В другие дни Мэдди с Люком ездили гулять в Висячие сады на вершине холма. Они бродили среди ухоженных лужаек, над которыми порхали бабочки. В небе кружили птицы — в том числе грифы, — привлеченные мертвыми телами, которые члены общины парсов оставляли им на растерзание на своих башнях молчания, располагавшихся поблизости.
— Не может быть, — ужаснулась Мэдди, когда Люк рассказал ей об этой традиции.
— Может, — сказал Люк, рассмеявшись ей прямо в лицо.
— Теперь я ни о чем другом и думать не смогу, когда буду приезжать сюда.
— Так не пойдет. Дай-ка соображу, чем бы тебя отвлечь.
Они останавливались переброситься парой слов со знакомыми, которых случайно встречали («Боже правый! — воскликнул загорелый моряк. — Мэдди. Вас теперь нечасто увидишь. Какая честь!»), сидели в тени пальм, держась за руки и глядя в морскую даль и на простирающийся у их ног город. Голова Мэдди покоилась на плече Люка.
«Не хочу, чтобы это заканчивалось, — думала она. — Пожалуйста, пусть так и будет».
Они еще раз побывали на пляже, с которого отправлялись в свое первое плаванье, и устроили там пикник, о котором спрашивала Мэдди в тот день. Она попросила повара собрать продукты, стараясь очаровать его новыми познаниями в хиндустани, которому ее немного обучил Люк по ее же просьбе. «Может быть, вы теперь скажете по-английски? — попросил повар. — Так, чтобы я понял». Местные рыбаки были на своих местах, растянувшись вдоль берега. Люк заплатил им за свежих луцианов, которых собирался приготовить в дополнение к принесенному салату с рисом, шафраном и томатами. А потом до слез рассмешил Мэдди, пытаясь разжечь огонь, чтобы запечь рыбу. Его попытка безнадежно провалилась, и она, порывшись в сумочке, извлекла оттуда те самые спички, которые Люк прислал ей после встречи Нового года и которые она все это время хранила.
Люк сузил глаза.
— Неужели ты не знала, что они у тебя с собой? — спросил он.

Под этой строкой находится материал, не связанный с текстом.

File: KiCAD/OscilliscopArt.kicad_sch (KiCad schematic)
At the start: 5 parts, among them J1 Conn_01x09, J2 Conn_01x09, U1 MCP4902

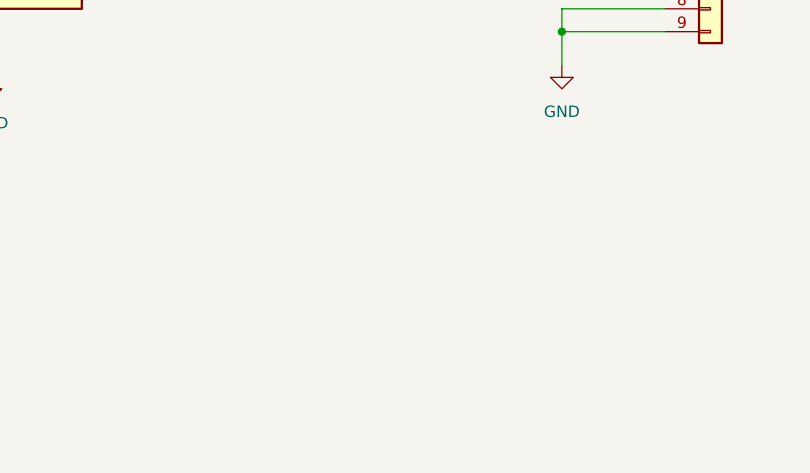
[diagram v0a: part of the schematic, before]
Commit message: Added SAO header
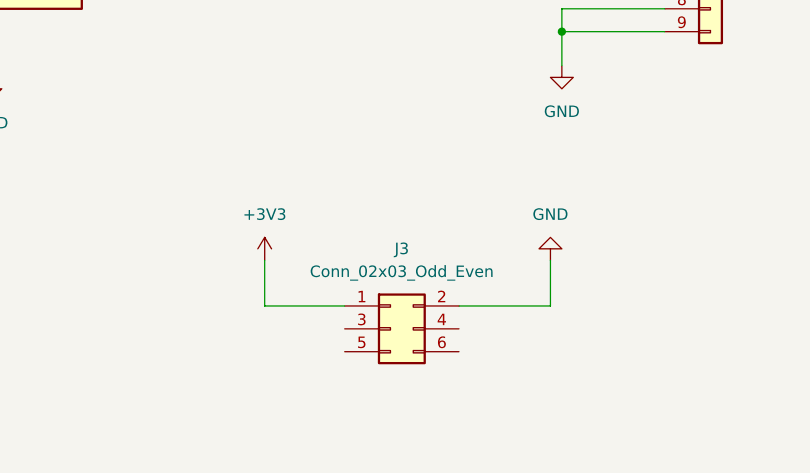
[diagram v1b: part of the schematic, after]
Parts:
- added J3: Conn_02x03_Odd_Even, Connector_PinHeader_2.54mm:PinHeader_2x03_P2.54mm_Vertical, symbol Connector_Generic:Conn_02x03_Odd_Even
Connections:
- net +3V3: now also J3.1 (Pin_1)
- net GND: now also J3.2 (Pin_2)
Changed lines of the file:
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@@
+	(wire
+		(pts
+			(xy 185.42 135.89) (xy 185.42 140.97)
+		)
+		(stroke
+			(width 0)
+			(type default)
+		)
+	)
 	(wire
 		(pts
@@
 	(wire
 		(pts
+			(xy 217.17 140.97) (xy 217.17 135.89)
+		)
+		(stroke
+			(width 0)
+			(type default)
+		)
+	)
+	(wire
+		(pts
 			(xy 215.9 97.79) (xy 229.87 97.79)
 		)
@@
 	(wire
 		(pts
+			(xy 185.42 140.97) (xy 194.31 140.97)
+		)
+		(stroke
+			(width 0)
+			(type default)
+		)
+	)
+	(wire
+		(pts
 			(xy 167.64 102.87) (xy 215.9 102.87)
 		)
@@
 		(pts
 			(xy 132.08 97.79) (xy 142.24 97.79)
+		)
+		(stroke
+			(width 0)
+			(type default)
+		)
+	)
+	(wire
+		(pts
+			(xy 207.01 140.97) (xy 217.17 140.97)
 		)
 		(stroke
@@
 			)
 			(justify left bottom)
+		)
+	)
+	(symbol
+		(lib_id "Connector_Generic:Conn_02x03_Odd_Even")
+		(at 199.39 143.51 0)
+		(unit 1)
+		(exclude_from_sim no)
+		(in_bom yes)
+		(on_board yes)
+		(dnp no)
+		(fields_autoplaced yes)
+		(property "Reference" "J3"
+			(at 200.66 134.62 0)
+			(effects
+				(font
+					(size 1.27 1.27)
+				)
+			)
+		)
+		(property "Value" "Conn_02x03_Odd_Even"
+			(at 200.66 137.16 0)
+			(effects
+				(font
+					(size 1.27 1.27)
+				)
+			)
+		)
+		(property "Footprint" "Connector_PinHeader_2.54mm:PinHeader_2x03_P2.54mm_Vertical"
+			(at 199.39 143.51 0)
+			(effects
+				(font
+					(size 1.27 1.27)
+				)
+				(hide yes)
+			)
+		)
+		(property "Datasheet" "~"
+			(at 199.39 143.51 0)
+			(effects
+				(font
+					(size 1.27 1.27)
+				)
+				(hide yes)
+			)
+		)
+		(property "Description" "Generic connector, double row, 02x03, odd/even pin numbering scheme (row 1 odd numbers, row 2 even numbers), script generated (kicad-library-utils/schlib/autogen/connector/)"
+			(at 199.39 143.51 0)
+			(effects
+				(font
+					(size 1.27 1.27)
+				)
+				(hide yes)
+			)
+		)
+		(pin "1"
+		)
+		(pin "5"
+		)
+		(pin "3"
+		)
+		(pin "4"
+		)
+		(pin "2"
+		)
+		(pin "6"
+		)
+		(instances
+			(project ""
+				(path "/a78b3458-4bc8-4087-8d51-399c24f5f89e"
+					(reference "J3")
+					(unit 1)
+				)
+			)
 		)
 	)
@@
 	)
 	(symbol
+		(lib_id "power:GND")
+		(at 217.17 135.89 180)
+		(unit 1)
+		(exclude_from_sim no)
+		(in_bom yes)
+		(on_board yes)
+		(dnp no)
+		(fields_autoplaced yes)
+		(property "Reference" "#PWR010"
+			(at 217.17 129.54 0)
+			(effects
+				(font
+					(size 1.27 1.27)
+				)
+				(hide yes)
+			)
+		)
+		(property "Value" "GND"
+			(at 217.17 130.81 0)
+			(effects
+				(font
+					(size 1.27 1.27)
+				)
+			)
+		)
+		(property "Footprint" ""
+			(at 217.17 135.89 0)
+			(effects
+				(font
+					(size 1.27 1.27)
+				)
+				(hide yes)
+			)
+		)
+		(property "Datasheet" ""
+			(at 217.17 135.89 0)
+			(effects
+				(font
+					(size 1.27 1.27)
+				)
+				(hide yes)
+			)
+		)
+		(property "Description" "Power symbol creates a global label with name \"GND\" , ground"
+			(at 217.17 135.89 0)
+			(effects
+				(font
+					(size 1.27 1.27)
+				)
+				(hide yes)
+			)
+		)
+		(pin "1"
+		)
+		(instances
+			(project "OscilliscopArt"
+				(path "/a78b3458-4bc8-4087-8d51-399c24f5f89e"
+					(reference "#PWR010")
+					(unit 1)
+				)
+			)
+		)
+	)
+	(symbol
 		(lib_id "power:+3V3")
 		(at 154.94 77.47 0)
@@
 					(unit 1)
 				)
+			)
+		)
+	)
+	(symbol
+		(lib_id "power:+3V3")
+		(at 185.42 135.89 0)
+		(unit 1)
+		(exclude_from_sim no)
+		(in_bom yes)
+		(on_board yes)
+		(dnp no)
+		(fields_autoplaced yes)
+		(property "Reference" "#PWR09"
+			(at 185.42 139.7 0)
+			(effects
+				(font
+					(size 1.27 1.27)
+				)
+				(hide yes)
+			)
+		)
+		(property "Value" "+3V3"
+			(at 185.42 130.81 0)
+			(effects
+				(font
+					(size 1.27 1.27)
+				)
+			)
+		)
+		(property "Footprint" ""
+			(at 185.42 135.89 0)
+			(effects
+				(font
+					(size 1.27 1.27)
+				)
+				(hide yes)
+			)
+		)
+		(property "Datasheet" ""
+			(at 185.42 135.89 0)
+			(effects
+				(font
+					(size 1.27 1.27)
+				)
+				(hide yes)
+			)
+		)
+		(property "Description" "Power symbol creates a global label with name \"+3V3\""
+			(at 185.42 135.89 0)
+			(effects
+				(font
+					(size 1.27 1.27)
+				)
+				(hide yes)
+			)
+		)
+		(pin "1"
+		)
+		(instances
+			(project "OscilliscopArt"
+				(path "/a78b3458-4bc8-4087-8d51-399c24f5f89e"
+					(reference "#PWR09")
+					(unit 1)
+				)

— Я забыла, — ответила Мэдди, продолжая смеяться. — Клянусь. Не сжигай слишком много. Я хочу сохранить их.
— Теперь я обойдусь всего одной, — проговорил Люк, снова опускаясь коленями на песок.
Поскольку апрель подходил к концу и близился май, а из Англии не поступало распоряжений о его возвращении, Люк перебрался из отеля «Тадж Махал» в частную квартиру у моря, недалеко от порта. Мэдди он сказал, что стремится к уединению и хочет быть уверен, что в вестибюле ему не придется сталкиваться со всеми Элдисами города. («Можно посочувствовать», — со вздохом сказал Ричард.) Мэдди не бывала в новом жилище Люка. Она боялась, что, если ее заметят на входе туда, это будет уже слишком даже для нее. Однако соблазн там побывать, несомненно, был. Теперь ей отчаянно хотелось проводить наедине с Люком больше времени, чем те мгновения, которые им удавалось прихватить до возвращения на виллу к полуночи, наступавшей всегда неумолимо быстро. С каждым разом им было все труднее оторваться друг от друга после поцелуя. Она могла поклясться, что Люку приходится прикладывать не меньше усилий, чем ей.
— Мэдди, — говорил Люк, — я не знаю, что ты со мной делаешь.
А она не знала, что он делает с ней.
Миновал май. Воздух стремительно теплел, подталкивая ртутный столбик все выше. Мэдди заставляла себя заснуть, пережидая самые жаркие часы до захода солнца. Все ее мысли в это время были только о Люке. Она гадала, мечется ли он без сна так же, как она, и представляла себе, каково было бы лежать рядом с ним.